### [LISTED RECORDS]
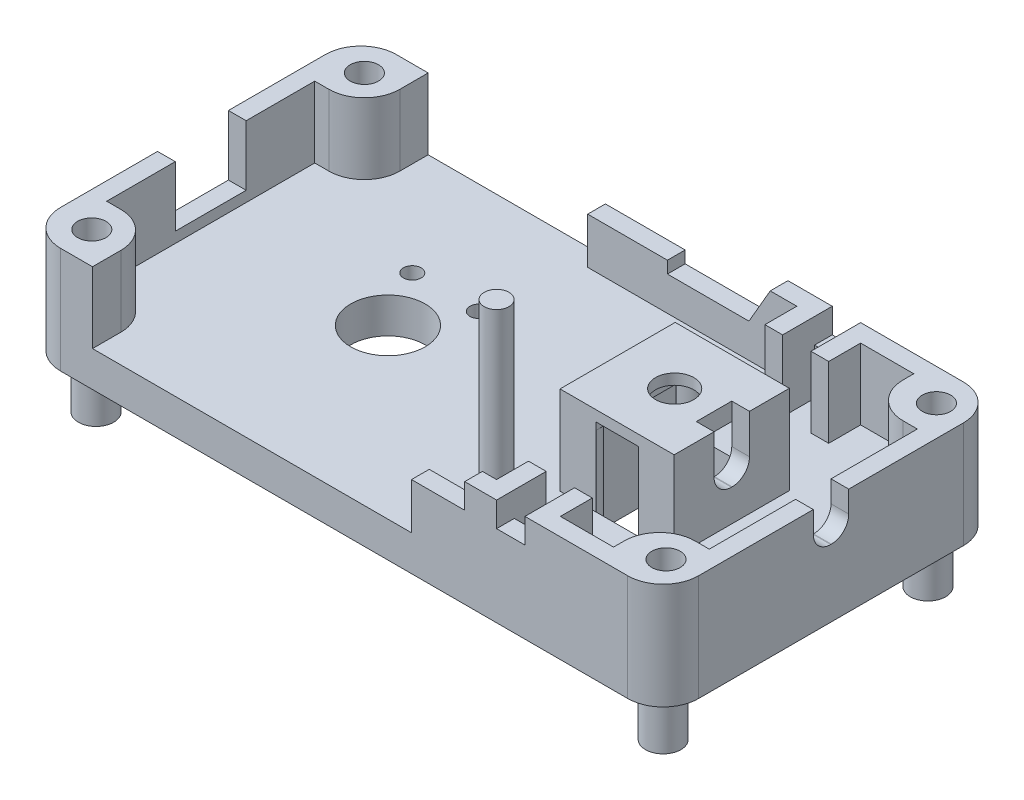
ISO-10303-21;
HEADER;
FILE_DESCRIPTION(('STEP AP214'),'2;1');
FILE_NAME('part.step','',(''),(''),'','','');
FILE_SCHEMA(('AUTOMOTIVE_DESIGN { 1 0 10303 214 1 1 1 1 }'));
ENDSEC;
DATA;
#1=APPLICATION_CONTEXT('core data for automotive mechanical design processes');
#2=APPLICATION_PROTOCOL_DEFINITION('international standard','automotive_design',2000,#1);
#3=PRODUCT_CONTEXT('',#1,'mechanical');
#4=PRODUCT('Part','Part','',(#3));
#5=PRODUCT_RELATED_PRODUCT_CATEGORY('part','',(#4));
#6=PRODUCT_DEFINITION_FORMATION('','',#4);
#7=PRODUCT_DEFINITION_CONTEXT('part definition',#1,'design');
#8=PRODUCT_DEFINITION('design','',#6,#7);
#9=PRODUCT_DEFINITION_SHAPE('','',#8);
#10=(LENGTH_UNIT() NAMED_UNIT(*) SI_UNIT(.MILLI.,.METRE.));
#11=(NAMED_UNIT(*) PLANE_ANGLE_UNIT() SI_UNIT($,.RADIAN.));
#12=(NAMED_UNIT(*) SI_UNIT($,.STERADIAN.) SOLID_ANGLE_UNIT());
#13=UNCERTAINTY_MEASURE_WITH_UNIT(LENGTH_MEASURE(1.E-05),#10,'distance_accuracy_value','');
#14=(GEOMETRIC_REPRESENTATION_CONTEXT(3) GLOBAL_UNCERTAINTY_ASSIGNED_CONTEXT((#13)) GLOBAL_UNIT_ASSIGNED_CONTEXT((#10,
#11,#12)) REPRESENTATION_CONTEXT('',''));
#15=CARTESIAN_POINT('',(0.,0.,0.));
#16=DIRECTION('',(0.,0.,1.));
#17=DIRECTION('',(1.,0.,0.));
#18=AXIS2_PLACEMENT_3D('',#15,#16,#17);
#19=CARTESIAN_POINT('',(0.,7.62,0.));
#20=DIRECTION('',(0.,1.,0.));
#21=DIRECTION('',(0.,0.,1.));
#22=AXIS2_PLACEMENT_3D('',#19,#20,#21);
#23=PLANE('',#22);
#24=CARTESIAN_POINT('',(-8.4074,7.62,-7.92479999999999));
#25=DIRECTION('',(0.,-1.,0.));
#26=DIRECTION('',(0.,0.,1.));
#27=AXIS2_PLACEMENT_3D('',#24,#25,#26);
#28=CIRCLE('',#27,1.2446);
#29=CARTESIAN_POINT('',(-9.65199999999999,7.62,-7.92479999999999));
#30=VERTEX_POINT('',#29);
#31=CARTESIAN_POINT('',(-8.40739999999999,7.62,-9.16939999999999));
#32=VERTEX_POINT('',#31);
#33=EDGE_CURVE('E997',#30,#32,#28,.T.);
#34=ORIENTED_EDGE('',*,*,#33,.F.);
#35=DIRECTION('',(0.,0.,-1.));
#36=VECTOR('',#35,1.);
#37=CARTESIAN_POINT('',(-9.65199999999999,7.62,-5.23239999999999));
#38=LINE('',#37,#36);
#39=CARTESIAN_POINT('',(-9.652,7.62,-16.129));
#40=VERTEX_POINT('',#39);
#41=EDGE_CURVE('E680',#30,#40,#38,.T.);
#42=ORIENTED_EDGE('',*,*,#41,.T.);
#43=CARTESIAN_POINT('',(-8.4074,7.62,-16.129));
#44=DIRECTION('',(0.,-1.,0.));
#45=DIRECTION('',(0.,0.,1.));
#46=AXIS2_PLACEMENT_3D('',#43,#44,#45);
#47=CIRCLE('',#46,1.2446);
#48=CARTESIAN_POINT('',(-8.4074,7.62,-14.8844));
#49=VERTEX_POINT('',#48);
#50=EDGE_CURVE('E1016',#49,#40,#47,.T.);
#51=ORIENTED_EDGE('',*,*,#50,.F.);
#52=DIRECTION('',(-1.,0.,0.));
#53=VECTOR('',#52,1.);
#54=CARTESIAN_POINT('',(-8.382,7.62,-14.8844));
#55=LINE('',#54,#53);
#56=CARTESIAN_POINT('',(-8.382,7.62,-14.8844));
#57=VERTEX_POINT('',#56);
#58=EDGE_CURVE('E1030',#57,#49,#55,.T.);
#59=ORIENTED_EDGE('',*,*,#58,.F.);
#60=DIRECTION('',(0.,0.,1.));
#61=VECTOR('',#60,1.);
#62=CARTESIAN_POINT('',(-8.382,7.62,-17.5514));
#63=LINE('',#62,#61);
#64=CARTESIAN_POINT('',(-8.382,7.62,-13.2969));
#65=VERTEX_POINT('',#64);
#66=EDGE_CURVE('E1099',#57,#65,#63,.T.);
#67=ORIENTED_EDGE('',*,*,#66,.T.);
#68=DIRECTION('',(0.,0.,1.));
#69=VECTOR('',#68,1.);
#70=CARTESIAN_POINT('',(-8.382,7.62,0.));
#71=LINE('',#70,#69);
#72=CARTESIAN_POINT('',(-8.382,7.62,-10.7569));
#73=VERTEX_POINT('',#72);
#74=EDGE_CURVE('E928',#65,#73,#71,.T.);
#75=ORIENTED_EDGE('',*,*,#74,.T.);
#76=CARTESIAN_POINT('',(-8.382,7.62,-9.16939999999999));
#77=VERTEX_POINT('',#76);
#78=EDGE_CURVE('E1093',#73,#77,#63,.T.);
#79=ORIENTED_EDGE('',*,*,#78,.T.);
#80=DIRECTION('',(1.,0.,0.));
#81=VECTOR('',#80,1.);
#82=CARTESIAN_POINT('',(-8.382,7.62,-9.16939999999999));
#83=LINE('',#82,#81);
#84=EDGE_CURVE('E982',#32,#77,#83,.T.);
#85=ORIENTED_EDGE('',*,*,#84,.F.);
#86=EDGE_LOOP('',(#34,#42,#51,#59,#67,#75,#79,#85));
#87=FACE_BOUND('',#86,.T.);
#88=ADVANCED_FACE('F49',(#87),#23,.F.);
#89=CARTESIAN_POINT('',(0.,7.62,0.));
#90=DIRECTION('',(0.,1.,0.));
#91=DIRECTION('',(0.,0.,1.));
#92=AXIS2_PLACEMENT_3D('',#89,#90,#91);
#93=PLANE('',#92);
#94=DIRECTION('',(-1.,0.,0.));
#95=VECTOR('',#94,1.);
#96=CARTESIAN_POINT('',(-40.64,7.62,-14.5669));
#97=LINE('',#96,#95);
#98=CARTESIAN_POINT('',(-44.45,7.62,-14.5669));
#99=VERTEX_POINT('',#98);
#100=CARTESIAN_POINT('',(-45.72,7.62,-14.5669));
#101=VERTEX_POINT('',#100);
#102=EDGE_CURVE('E709',#99,#101,#97,.T.);
#103=ORIENTED_EDGE('',*,*,#102,.F.);
#104=DIRECTION('',(0.,0.,1.));
#105=VECTOR('',#104,1.);
#106=CARTESIAN_POINT('',(-44.45,7.62,-4.57199999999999));
#107=LINE('',#106,#105);
#108=CARTESIAN_POINT('',(-44.45,7.62,-19.4818));
#109=VERTEX_POINT('',#108);
#110=EDGE_CURVE('E1436',#109,#99,#107,.T.);
#111=ORIENTED_EDGE('',*,*,#110,.F.);
#112=DIRECTION('',(-1.,0.,0.));
#113=VECTOR('',#112,1.);
#114=CARTESIAN_POINT('',(-1.27,7.62,-19.4818));
#115=LINE('',#114,#113);
#116=CARTESIAN_POINT('',(-43.434,7.62,-19.4818));
#117=VERTEX_POINT('',#116);
#118=EDGE_CURVE('E1450',#117,#109,#115,.T.);
#119=ORIENTED_EDGE('',*,*,#118,.F.);
#120=CARTESIAN_POINT('',(-43.434,7.62,-22.0218));
#121=DIRECTION('',(0.,1.,0.));
#122=DIRECTION('',(0.,0.,1.));
#123=AXIS2_PLACEMENT_3D('',#120,#121,#122);
#124=CIRCLE('',#123,2.54);
#125=CARTESIAN_POINT('',(-40.894,7.62,-22.0218));
#126=VERTEX_POINT('',#125);
#127=EDGE_CURVE('E1591',#117,#126,#124,.T.);
#128=ORIENTED_EDGE('',*,*,#127,.T.);
#129=DIRECTION('',(0.,0.,1.));
#130=VECTOR('',#129,1.);
#131=CARTESIAN_POINT('',(-40.894,7.62,-19.4818));
#132=LINE('',#131,#130);
#133=CARTESIAN_POINT('',(-40.894,7.62,-24.0538));
#134=VERTEX_POINT('',#133);
#135=EDGE_CURVE('E1344',#134,#126,#132,.T.);
#136=ORIENTED_EDGE('',*,*,#135,.F.);
#137=DIRECTION('',(-1.,0.,0.));
#138=VECTOR('',#137,1.);
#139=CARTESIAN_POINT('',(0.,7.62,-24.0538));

### [PROBLEM DESCRIPTION]
The response must hold only the lines above from the line with "#32=VERTEX_POINT('',#31);" through the line with "#61=VECTOR('',#60,1.);", each copied exactly, both ends kept.

### [EXERCISE ANSWER]
#32=VERTEX_POINT('',#31);
#33=EDGE_CURVE('E997',#30,#32,#28,.T.);
#34=ORIENTED_EDGE('',*,*,#33,.F.);
#35=DIRECTION('',(0.,0.,-1.));
#36=VECTOR('',#35,1.);
#37=CARTESIAN_POINT('',(-9.65199999999999,7.62,-5.23239999999999));
#38=LINE('',#37,#36);
#39=CARTESIAN_POINT('',(-9.652,7.62,-16.129));
#40=VERTEX_POINT('',#39);
#41=EDGE_CURVE('E680',#30,#40,#38,.T.);
#42=ORIENTED_EDGE('',*,*,#41,.T.);
#43=CARTESIAN_POINT('',(-8.4074,7.62,-16.129));
#44=DIRECTION('',(0.,-1.,0.));
#45=DIRECTION('',(0.,0.,1.));
#46=AXIS2_PLACEMENT_3D('',#43,#44,#45);
#47=CIRCLE('',#46,1.2446);
#48=CARTESIAN_POINT('',(-8.4074,7.62,-14.8844));
#49=VERTEX_POINT('',#48);
#50=EDGE_CURVE('E1016',#49,#40,#47,.T.);
#51=ORIENTED_EDGE('',*,*,#50,.F.);
#52=DIRECTION('',(-1.,0.,0.));
#53=VECTOR('',#52,1.);
#54=CARTESIAN_POINT('',(-8.382,7.62,-14.8844));
#55=LINE('',#54,#53);
#56=CARTESIAN_POINT('',(-8.382,7.62,-14.8844));
#57=VERTEX_POINT('',#56);
#58=EDGE_CURVE('E1030',#57,#49,#55,.T.);
#59=ORIENTED_EDGE('',*,*,#58,.F.);
#60=DIRECTION('',(0.,0.,1.));
#61=VECTOR('',#60,1.);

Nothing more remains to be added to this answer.